(Items from a dataset)
☆ ☆ ☆ ☆ ☆ ☆ ☆

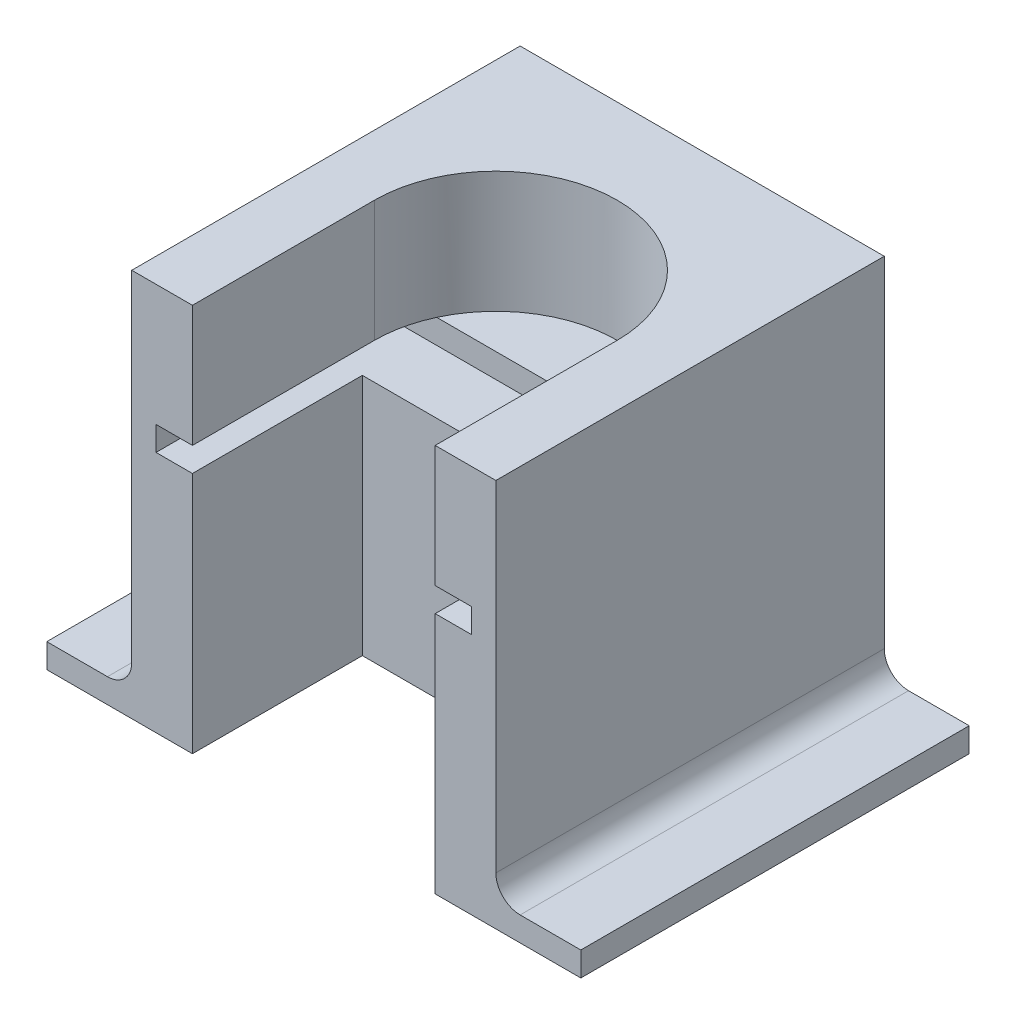
ISO-10303-21;
HEADER;
FILE_DESCRIPTION(('STEP AP214'),'2;1');
FILE_NAME('part.step','',(''),(''),'','','');
FILE_SCHEMA(('AUTOMOTIVE_DESIGN { 1 0 10303 214 1 1 1 1 }'));
ENDSEC;
DATA;
#1=APPLICATION_CONTEXT('core data for automotive mechanical design processes');
#2=APPLICATION_PROTOCOL_DEFINITION('international standard','automotive_design',2000,#1);
#3=PRODUCT_CONTEXT('',#1,'mechanical');
#4=PRODUCT('Part','Part','',(#3));
#5=PRODUCT_RELATED_PRODUCT_CATEGORY('part','',(#4));
#6=PRODUCT_DEFINITION_FORMATION('','',#4);
#7=PRODUCT_DEFINITION_CONTEXT('part definition',#1,'design');
#8=PRODUCT_DEFINITION('design','',#6,#7);
#9=PRODUCT_DEFINITION_SHAPE('','',#8);
#10=(LENGTH_UNIT() NAMED_UNIT(*) SI_UNIT(.MILLI.,.METRE.));
#11=(NAMED_UNIT(*) PLANE_ANGLE_UNIT() SI_UNIT($,.RADIAN.));
#12=(NAMED_UNIT(*) SI_UNIT($,.STERADIAN.) SOLID_ANGLE_UNIT());
#13=UNCERTAINTY_MEASURE_WITH_UNIT(LENGTH_MEASURE(1.E-05),#10,'distance_accuracy_value','');
#14=(GEOMETRIC_REPRESENTATION_CONTEXT(3) GLOBAL_UNCERTAINTY_ASSIGNED_CONTEXT((#13)) GLOBAL_UNIT_ASSIGNED_CONTEXT((#10,
#11,#12)) REPRESENTATION_CONTEXT('',''));
#15=CARTESIAN_POINT('',(0.,0.,0.));
#16=DIRECTION('',(0.,0.,1.));
#17=DIRECTION('',(1.,0.,0.));
#18=AXIS2_PLACEMENT_3D('',#15,#16,#17);
#19=CARTESIAN_POINT('',(-4.99999999999999,22.,-28.));
#20=DIRECTION('',(0.,1.,0.));
#21=DIRECTION('',(0.,0.,1.));
#22=AXIS2_PLACEMENT_3D('',#19,#20,#21);
#23=PLANE('',#22);
#24=DIRECTION('',(0.,0.,1.));
#25=VECTOR('',#24,1.);
#26=CARTESIAN_POINT('',(-28.,22.,-28.));
#27=LINE('',#26,#25);
#28=CARTESIAN_POINT('',(-28.,22.,-19.2));
#29=VERTEX_POINT('',#28);
#30=CARTESIAN_POINT('',(-28.,22.,0.));
#31=VERTEX_POINT('',#30);
#32=EDGE_CURVE('E319',#29,#31,#27,.T.);
#33=ORIENTED_EDGE('',*,*,#32,.F.);
#34=DIRECTION('',(1.,0.,0.));
#35=VECTOR('',#34,1.);
#36=CARTESIAN_POINT('',(-1.99999999999999,22.,-19.2));
#37=LINE('',#36,#35);
#38=CARTESIAN_POINT('',(-24.0752410436307,22.,-19.2));
#39=VERTEX_POINT('',#38);
#40=EDGE_CURVE('E235',#29,#39,#37,.T.);
#41=ORIENTED_EDGE('',*,*,#40,.T.);
#42=CARTESIAN_POINT('',(-15.,22.,-15.));
#43=DIRECTION('',(0.,1.,0.));
#44=DIRECTION('',(0.,0.,1.));
#45=AXIS2_PLACEMENT_3D('',#42,#43,#44);
#46=CIRCLE('',#45,9.99999999999999);
#47=CARTESIAN_POINT('',(-25.,22.,-15.));
#48=VERTEX_POINT('',#47);
#49=EDGE_CURVE('E247',#39,#48,#46,.T.);
#50=ORIENTED_EDGE('',*,*,#49,.T.);
#51=DIRECTION('',(0.,0.,1.));
#52=VECTOR('',#51,1.);
#53=CARTESIAN_POINT('',(-25.,22.,-28.));
#54=LINE('',#53,#52);
#55=CARTESIAN_POINT('',(-25.,22.,0.));
#56=VERTEX_POINT('',#55);
#57=EDGE_CURVE('E317',#48,#56,#54,.T.);
#58=ORIENTED_EDGE('',*,*,#57,.T.);
#59=DIRECTION('',(-1.,0.,0.));
#60=VECTOR('',#59,1.);
#61=CARTESIAN_POINT('',(-25.,22.,0.));
#62=LINE('',#61,#60);
#63=EDGE_CURVE('E291',#56,#31,#62,.T.);
#64=ORIENTED_EDGE('',*,*,#63,.T.);
#65=EDGE_LOOP('',(#33,#41,#50,#58,#64));
#66=FACE_BOUND('',#65,.T.);
#67=ADVANCED_FACE('F32',(#66),#23,.F.);
#68=CARTESIAN_POINT('',(-25.,32.,-28.));
#69=DIRECTION('',(-1.,0.,0.));
#70=DIRECTION('',(0.,0.,1.));
#71=AXIS2_PLACEMENT_3D('',#68,#69,#70);
#72=PLANE('',#71);
#73=DIRECTION('',(0.,1.,0.));
#74=VECTOR('',#73,1.);
#75=CARTESIAN_POINT('',(-25.,-1.85372088375312,-15.));
#76=LINE('',#75,#74);
#77=CARTESIAN_POINT('',(-25.,32.,-15.));
#78=VERTEX_POINT('',#77);
#79=EDGE_CURVE('E250',#48,#78,#76,.T.);
#80=ORIENTED_EDGE('',*,*,#79,.T.);
#81=DIRECTION('',(0.,0.,-1.));
#82=VECTOR('',#81,1.);
#83=CARTESIAN_POINT('',(-25.,32.,-28.));
#84=LINE('',#83,#82);
#85=CARTESIAN_POINT('',(-25.,32.,0.));
#86=VERTEX_POINT('',#85);
#87=EDGE_CURVE('E325',#86,#78,#84,.T.);
#88=ORIENTED_EDGE('',*,*,#87,.F.);
#89=DIRECTION('',(0.,-1.,0.));
#90=VECTOR('',#89,1.);
#91=CARTESIAN_POINT('',(-25.,32.,0.));
#92=LINE('',#91,#90);
#93=EDGE_CURVE('E328',#86,#56,#92,.T.);
#94=ORIENTED_EDGE('',*,*,#93,.T.);
#95=ORIENTED_EDGE('',*,*,#57,.F.);
#96=EDGE_LOOP('',(#80,#88,#94,#95));
#97=FACE_BOUND('',#96,.T.);
#98=ADVANCED_FACE('F447',(#97),#72,.F.);
#99=CARTESIAN_POINT('',(-30.,20.,0.));
#100=DIRECTION('',(1.,0.,0.));
#101=DIRECTION('',(0.,0.,-1.));
#102=AXIS2_PLACEMENT_3D('',#99,#100,#101);
#103=PLANE('',#102);
#104=DIRECTION('',(0.,0.,1.));
#105=VECTOR('',#104,1.);
#106=CARTESIAN_POINT('',(-30.,32.,-28.));
#107=LINE('',#106,#105);
#108=CARTESIAN_POINT('',(-30.,32.,-32.));
#109=VERTEX_POINT('',#108);
#110=CARTESIAN_POINT('',(-30.,32.,0.));
#111=VERTEX_POINT('',#110);
#112=EDGE_CURVE('E200',#109,#111,#107,.T.);
#113=ORIENTED_EDGE('',*,*,#112,.F.);
#114=DIRECTION('',(0.,1.,0.));
#115=VECTOR('',#114,1.);
#116=CARTESIAN_POINT('',(-30.,4.,-32.));
#117=LINE('',#116,#115);
#118=CARTESIAN_POINT('',(-30.,4.,-32.));
#119=VERTEX_POINT('',#118);
#120=EDGE_CURVE('E197',#119,#109,#117,.T.);
#121=ORIENTED_EDGE('',*,*,#120,.F.);
#122=DIRECTION('',(0.,0.,-1.));
#123=VECTOR('',#122,1.);
#124=CARTESIAN_POINT('',(-30.,4.,0.));
#125=LINE('',#124,#123);
#126=CARTESIAN_POINT('',(-30.,4.,0.));
#127=VERTEX_POINT('',#126);
#128=EDGE_CURVE('E187',#119,#127,#125,.F.);
#129=ORIENTED_EDGE('',*,*,#128,.T.);
#130=DIRECTION('',(0.,-1.,0.));
#131=VECTOR('',#130,1.);
#132=CARTESIAN_POINT('',(-30.,20.,0.));
#133=LINE('',#132,#131);
#134=EDGE_CURVE('E352',#111,#127,#133,.T.);
#135=ORIENTED_EDGE('',*,*,#134,.F.);
#136=EDGE_LOOP('',(#113,#121,#129,#135));
#137=FACE_BOUND('',#136,.T.);
#138=ADVANCED_FACE('F198',(#137),#103,.F.);
#139=CARTESIAN_POINT('',(0.,20.,0.));
#140=DIRECTION('',(0.,0.,-1.));
#141=DIRECTION('',(-1.,0.,0.));
#142=AXIS2_PLACEMENT_3D('',#139,#140,#141);
#143=PLANE('',#142);
#144=DIRECTION('',(1.,0.,0.));
#145=VECTOR('',#144,1.);
#146=CARTESIAN_POINT('',(0.,20.,0.));
#147=LINE('',#146,#145);
#148=CARTESIAN_POINT('',(-4.99999999999999,20.,0.));
#149=VERTEX_POINT('',#148);
#150=CARTESIAN_POINT('',(-1.99999999999999,20.,0.));
#151=VERTEX_POINT('',#150);
#152=EDGE_CURVE('E346',#149,#151,#147,.T.);
#153=ORIENTED_EDGE('',*,*,#152,.F.);
#154=DIRECTION('',(0.,1.,0.));
#155=VECTOR('',#154,1.);
#156=CARTESIAN_POINT('',(-4.99999999999999,20.,0.));
#157=LINE('',#156,#155);
#158=CARTESIAN_POINT('',(-4.99999999999999,0.,0.));
#159=VERTEX_POINT('',#158);
#160=EDGE_CURVE('E271',#159,#149,#157,.T.);
#161=ORIENTED_EDGE('',*,*,#160,.F.);
#162=DIRECTION('',(1.,0.,0.));
#163=VECTOR('',#162,1.);
#164=CARTESIAN_POINT('',(0.,0.,0.));
#165=LINE('',#164,#163);
#166=CARTESIAN_POINT('',(7.,0.,0.));
#167=VERTEX_POINT('',#166);
#168=EDGE_CURVE('E341',#159,#167,#165,.T.);
#169=ORIENTED_EDGE('',*,*,#168,.T.);
#170=DIRECTION('',(0.,1.,0.));
#171=VECTOR('',#170,1.);
#172=CARTESIAN_POINT('',(7.,0.,0.));
#173=LINE('',#172,#171);
#174=CARTESIAN_POINT('',(7.,1.99999999999999,0.));
#175=VERTEX_POINT('',#174);
#176=EDGE_CURVE('E256',#167,#175,#173,.T.);
#177=ORIENTED_EDGE('',*,*,#176,.T.);
#178=DIRECTION('',(-1.,0.,0.));
#179=VECTOR('',#178,1.);
#180=CARTESIAN_POINT('',(0.,2.,0.));
#181=LINE('',#180,#179);
#182=CARTESIAN_POINT('',(2.,2.,0.));
#183=VERTEX_POINT('',#182);
#184=EDGE_CURVE('E258',#175,#183,#181,.T.);
#185=ORIENTED_EDGE('',*,*,#184,.T.);
#186=CARTESIAN_POINT('',(2.,4.,0.));
#187=DIRECTION('',(0.,0.,-1.));
#188=DIRECTION('',(-1.,0.,0.));
#189=AXIS2_PLACEMENT_3D('',#186,#187,#188);
#190=CIRCLE('',#189,2.);
#191=CARTESIAN_POINT('',(0.,4.,0.));
#192=VERTEX_POINT('',#191);
#193=EDGE_CURVE('E40',#183,#192,#190,.T.);
#194=ORIENTED_EDGE('',*,*,#193,.T.);
#195=DIRECTION('',(0.,-1.,0.));
#196=VECTOR('',#195,1.);
#197=CARTESIAN_POINT('',(0.,20.,0.));
#198=LINE('',#197,#196);
#199=CARTESIAN_POINT('',(0.,32.,0.));
#200=VERTEX_POINT('',#199);
#201=EDGE_CURVE('E345',#200,#192,#198,.T.);
#202=ORIENTED_EDGE('',*,*,#201,.F.);
#203=DIRECTION('',(1.,0.,0.));
#204=VECTOR('',#203,1.);
#205=CARTESIAN_POINT('',(0.,32.,0.));
#206=LINE('',#205,#204);
#207=CARTESIAN_POINT('',(-4.99999999999999,32.,0.));
#208=VERTEX_POINT('',#207);
#209=EDGE_CURVE('E335',#208,#200,#206,.T.);
#210=ORIENTED_EDGE('',*,*,#209,.F.);
#211=DIRECTION('',(0.,-1.,0.));
#212=VECTOR('',#211,1.);
#213=CARTESIAN_POINT('',(-4.99999999999999,32.,0.));
#214=LINE('',#213,#212);
#215=CARTESIAN_POINT('',(-4.99999999999999,22.,0.));
#216=VERTEX_POINT('',#215);
#217=EDGE_CURVE('E338',#208,#216,#214,.T.);
#218=ORIENTED_EDGE('',*,*,#217,.T.);
#219=DIRECTION('',(-1.,0.,0.));
#220=VECTOR('',#219,1.);
#221=CARTESIAN_POINT('',(-4.99999999999999,22.,0.));
#222=LINE('',#221,#220);
#223=CARTESIAN_POINT('',(-1.99999999999999,22.,0.));
#224=VERTEX_POINT('',#223);
#225=EDGE_CURVE('E302',#224,#216,#222,.T.);
#226=ORIENTED_EDGE('',*,*,#225,.F.);
#227=DIRECTION('',(0.,1.,0.));
#228=VECTOR('',#227,1.);
#229=CARTESIAN_POINT('',(-1.99999999999999,20.,0.));
#230=LINE('',#229,#228);
#231=EDGE_CURVE('E299',#151,#224,#230,.T.);
#232=ORIENTED_EDGE('',*,*,#231,.F.);
#233=EDGE_LOOP('',(#153,#161,#169,#177,#185,#194,#202,#210,#218,#226,#232));
#234=FACE_BOUND('',#233,.T.);
#235=ADVANCED_FACE('F361',(#234),#143,.F.);
#236=CARTESIAN_POINT('',(0.,20.,0.));
#237=DIRECTION('',(0.,1.,0.));
#238=DIRECTION('',(0.,0.,1.));
#239=AXIS2_PLACEMENT_3D('',#236,#237,#238);
#240=PLANE('',#239);
#241=DIRECTION('',(-1.,0.,0.));
#242=VECTOR('',#241,1.);
#243=CARTESIAN_POINT('',(-1.99999999999999,20.,-19.2));
#244=LINE('',#243,#242);
#245=CARTESIAN_POINT('',(-1.99999999999999,20.,-19.2));
#246=VERTEX_POINT('',#245);
#247=CARTESIAN_POINT('',(-28.,20.,-19.2));
#248=VERTEX_POINT('',#247);
#249=EDGE_CURVE('E47',#246,#248,#244,.T.);
#250=ORIENTED_EDGE('',*,*,#249,.T.);
#251=DIRECTION('',(0.,0.,1.));
#252=VECTOR('',#251,1.);
#253=CARTESIAN_POINT('',(-28.,20.,-28.));
#254=LINE('',#253,#252);
#255=CARTESIAN_POINT('',(-28.,20.,0.));
#256=VERTEX_POINT('',#255);
#257=EDGE_CURVE('E303',#248,#256,#254,.T.);
#258=ORIENTED_EDGE('',*,*,#257,.T.);
#259=CARTESIAN_POINT('',(-25.,20.,0.));
#260=VERTEX_POINT('',#259);
#261=EDGE_CURVE('E342',#256,#260,#147,.T.);
#262=ORIENTED_EDGE('',*,*,#261,.T.);
#263=DIRECTION('',(0.,0.,1.));
#264=VECTOR('',#263,1.);
#265=CARTESIAN_POINT('',(-25.,20.,-14.));
#266=LINE('',#265,#264);
#267=CARTESIAN_POINT('',(-25.,20.,-14.));
#268=VERTEX_POINT('',#267);
#269=EDGE_CURVE('E295',#268,#260,#266,.T.);
#270=ORIENTED_EDGE('',*,*,#269,.F.);
#271=DIRECTION('',(-1.,0.,0.));
#272=VECTOR('',#271,1.);
#273=CARTESIAN_POINT('',(-4.99999999999999,20.,-14.));
#274=LINE('',#273,#272);
#275=CARTESIAN_POINT('',(-4.99999999999999,20.,-14.));
#276=VERTEX_POINT('',#275);
#277=EDGE_CURVE('E277',#276,#268,#274,.T.);
#278=ORIENTED_EDGE('',*,*,#277,.F.);
#279=DIRECTION('',(0.,0.,1.));
#280=VECTOR('',#279,1.);
#281=CARTESIAN_POINT('',(-4.99999999999999,20.,-14.));
#282=LINE('',#281,#280);
#283=EDGE_CURVE('E286',#276,#149,#282,.T.);
#284=ORIENTED_EDGE('',*,*,#283,.T.);
#285=ORIENTED_EDGE('',*,*,#152,.T.);
#286=DIRECTION('',(0.,0.,1.));
#287=VECTOR('',#286,1.);
#288=CARTESIAN_POINT('',(-1.99999999999999,20.,-28.));
#289=LINE('',#288,#287);
#290=EDGE_CURVE('E306',#246,#151,#289,.T.);
#291=ORIENTED_EDGE('',*,*,#290,.F.);
#292=EDGE_LOOP('',(#250,#258,#262,#270,#278,#284,#285,#291));
#293=FACE_BOUND('',#292,.T.);
#294=ADVANCED_FACE('F418',(#293),#240,.T.);
#295=CARTESIAN_POINT('',(0.,20.,0.));
#296=DIRECTION('',(-1.,0.,0.));
#297=DIRECTION('',(0.,0.,1.));
#298=AXIS2_PLACEMENT_3D('',#295,#296,#297);
#299=PLANE('',#298);
#300=ORIENTED_EDGE('',*,*,#201,.T.);
#301=DIRECTION('',(0.,0.,-1.));
#302=VECTOR('',#301,1.);
#303=CARTESIAN_POINT('',(0.,4.,0.));
#304=LINE('',#303,#302);
#305=CARTESIAN_POINT('',(0.,4.,-32.));
#306=VERTEX_POINT('',#305);
#307=EDGE_CURVE('E354',#192,#306,#304,.T.);
#308=ORIENTED_EDGE('',*,*,#307,.T.);
#309=DIRECTION('',(0.,-1.,0.));
#310=VECTOR('',#309,1.);
#311=CARTESIAN_POINT('',(0.,32.,-32.));
#312=LINE('',#311,#310);
#313=CARTESIAN_POINT('',(0.,32.,-32.));
#314=VERTEX_POINT('',#313);
#315=EDGE_CURVE('E214',#314,#306,#312,.T.);
#316=ORIENTED_EDGE('',*,*,#315,.F.);
#317=DIRECTION('',(0.,0.,-1.));
#318=VECTOR('',#317,1.);
#319=CARTESIAN_POINT('',(0.,32.,-28.));
#320=LINE('',#319,#318);
#321=EDGE_CURVE('E331',#200,#314,#320,.T.);
#322=ORIENTED_EDGE('',*,*,#321,.F.);
#323=EDGE_LOOP('',(#300,#308,#316,#322));
#324=FACE_BOUND('',#323,.T.);
#325=ADVANCED_FACE('F368',(#324),#299,.F.);
#326=CARTESIAN_POINT('',(-37.,0.,0.));
#327=VERTEX_POINT('',#326);
#328=CARTESIAN_POINT('',(-25.,0.,0.));
#329=VERTEX_POINT('',#328);
#330=EDGE_CURVE('E347',#327,#329,#165,.T.);
#331=ORIENTED_EDGE('',*,*,#330,.T.);
#332=DIRECTION('',(0.,-1.,0.));
#333=VECTOR('',#332,1.);
#334=CARTESIAN_POINT('',(-25.,20.,0.));
#335=LINE('',#334,#333);
#336=EDGE_CURVE('E278',#260,#329,#335,.T.);
#337=ORIENTED_EDGE('',*,*,#336,.F.);
#338=ORIENTED_EDGE('',*,*,#261,.F.);
#339=DIRECTION('',(0.,-1.,0.));
#340=VECTOR('',#339,1.);
#341=CARTESIAN_POINT('',(-28.,20.,0.));
#342=LINE('',#341,#340);
#343=EDGE_CURVE('E314',#31,#256,#342,.T.);
#344=ORIENTED_EDGE('',*,*,#343,.F.);
#345=ORIENTED_EDGE('',*,*,#63,.F.);
#346=ORIENTED_EDGE('',*,*,#93,.F.);
#347=DIRECTION('',(1.,0.,0.));
#348=VECTOR('',#347,1.);
#349=CARTESIAN_POINT('',(-30.,32.,0.));
#350=LINE('',#349,#348);
#351=EDGE_CURVE('E323',#111,#86,#350,.T.);
#352=ORIENTED_EDGE('',*,*,#351,.F.);
#353=ORIENTED_EDGE('',*,*,#134,.T.);
#354=CARTESIAN_POINT('',(-32.,4.,0.));
#355=DIRECTION('',(0.,0.,-1.));
#356=DIRECTION('',(-1.,0.,0.));
#357=AXIS2_PLACEMENT_3D('',#354,#355,#356);
#358=CIRCLE('',#357,2.);
#359=CARTESIAN_POINT('',(-32.,2.,0.));
#360=VERTEX_POINT('',#359);
#361=EDGE_CURVE('E11',#127,#360,#358,.T.);
#362=ORIENTED_EDGE('',*,*,#361,.T.);
#363=DIRECTION('',(-1.,0.,0.));
#364=VECTOR('',#363,1.);
#365=CARTESIAN_POINT('',(-30.,2.,0.));
#366=LINE('',#365,#364);
#367=CARTESIAN_POINT('',(-37.,2.,0.));
#368=VERTEX_POINT('',#367);
#369=EDGE_CURVE('E268',#360,#368,#366,.T.);
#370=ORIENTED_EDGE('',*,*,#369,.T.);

☆ ☆ ☆ ☆ ☆ ☆ ☆

▶ **WHAT YOU ARE ASKED TO DO**
Given the records above, reproduce precisely and only the lines between the line holding "FILE_NAME('part.step','',(''),(''),'','','');" and the line holding "#11=(NAMED_UNIT(*) PLANE_ANGLE_UNIT() SI_UNIT($,.RADIAN.));", inclusive.

▶ **COMPLETED TASK**
FILE_NAME('part.step','',(''),(''),'','','');
FILE_SCHEMA(('AUTOMOTIVE_DESIGN { 1 0 10303 214 1 1 1 1 }'));
ENDSEC;
DATA;
#1=APPLICATION_CONTEXT('core data for automotive mechanical design processes');
#2=APPLICATION_PROTOCOL_DEFINITION('international standard','automotive_design',2000,#1);
#3=PRODUCT_CONTEXT('',#1,'mechanical');
#4=PRODUCT('Part','Part','',(#3));
#5=PRODUCT_RELATED_PRODUCT_CATEGORY('part','',(#4));
#6=PRODUCT_DEFINITION_FORMATION('','',#4);
#7=PRODUCT_DEFINITION_CONTEXT('part definition',#1,'design');
#8=PRODUCT_DEFINITION('design','',#6,#7);
#9=PRODUCT_DEFINITION_SHAPE('','',#8);
#10=(LENGTH_UNIT() NAMED_UNIT(*) SI_UNIT(.MILLI.,.METRE.));
#11=(NAMED_UNIT(*) PLANE_ANGLE_UNIT() SI_UNIT($,.RADIAN.));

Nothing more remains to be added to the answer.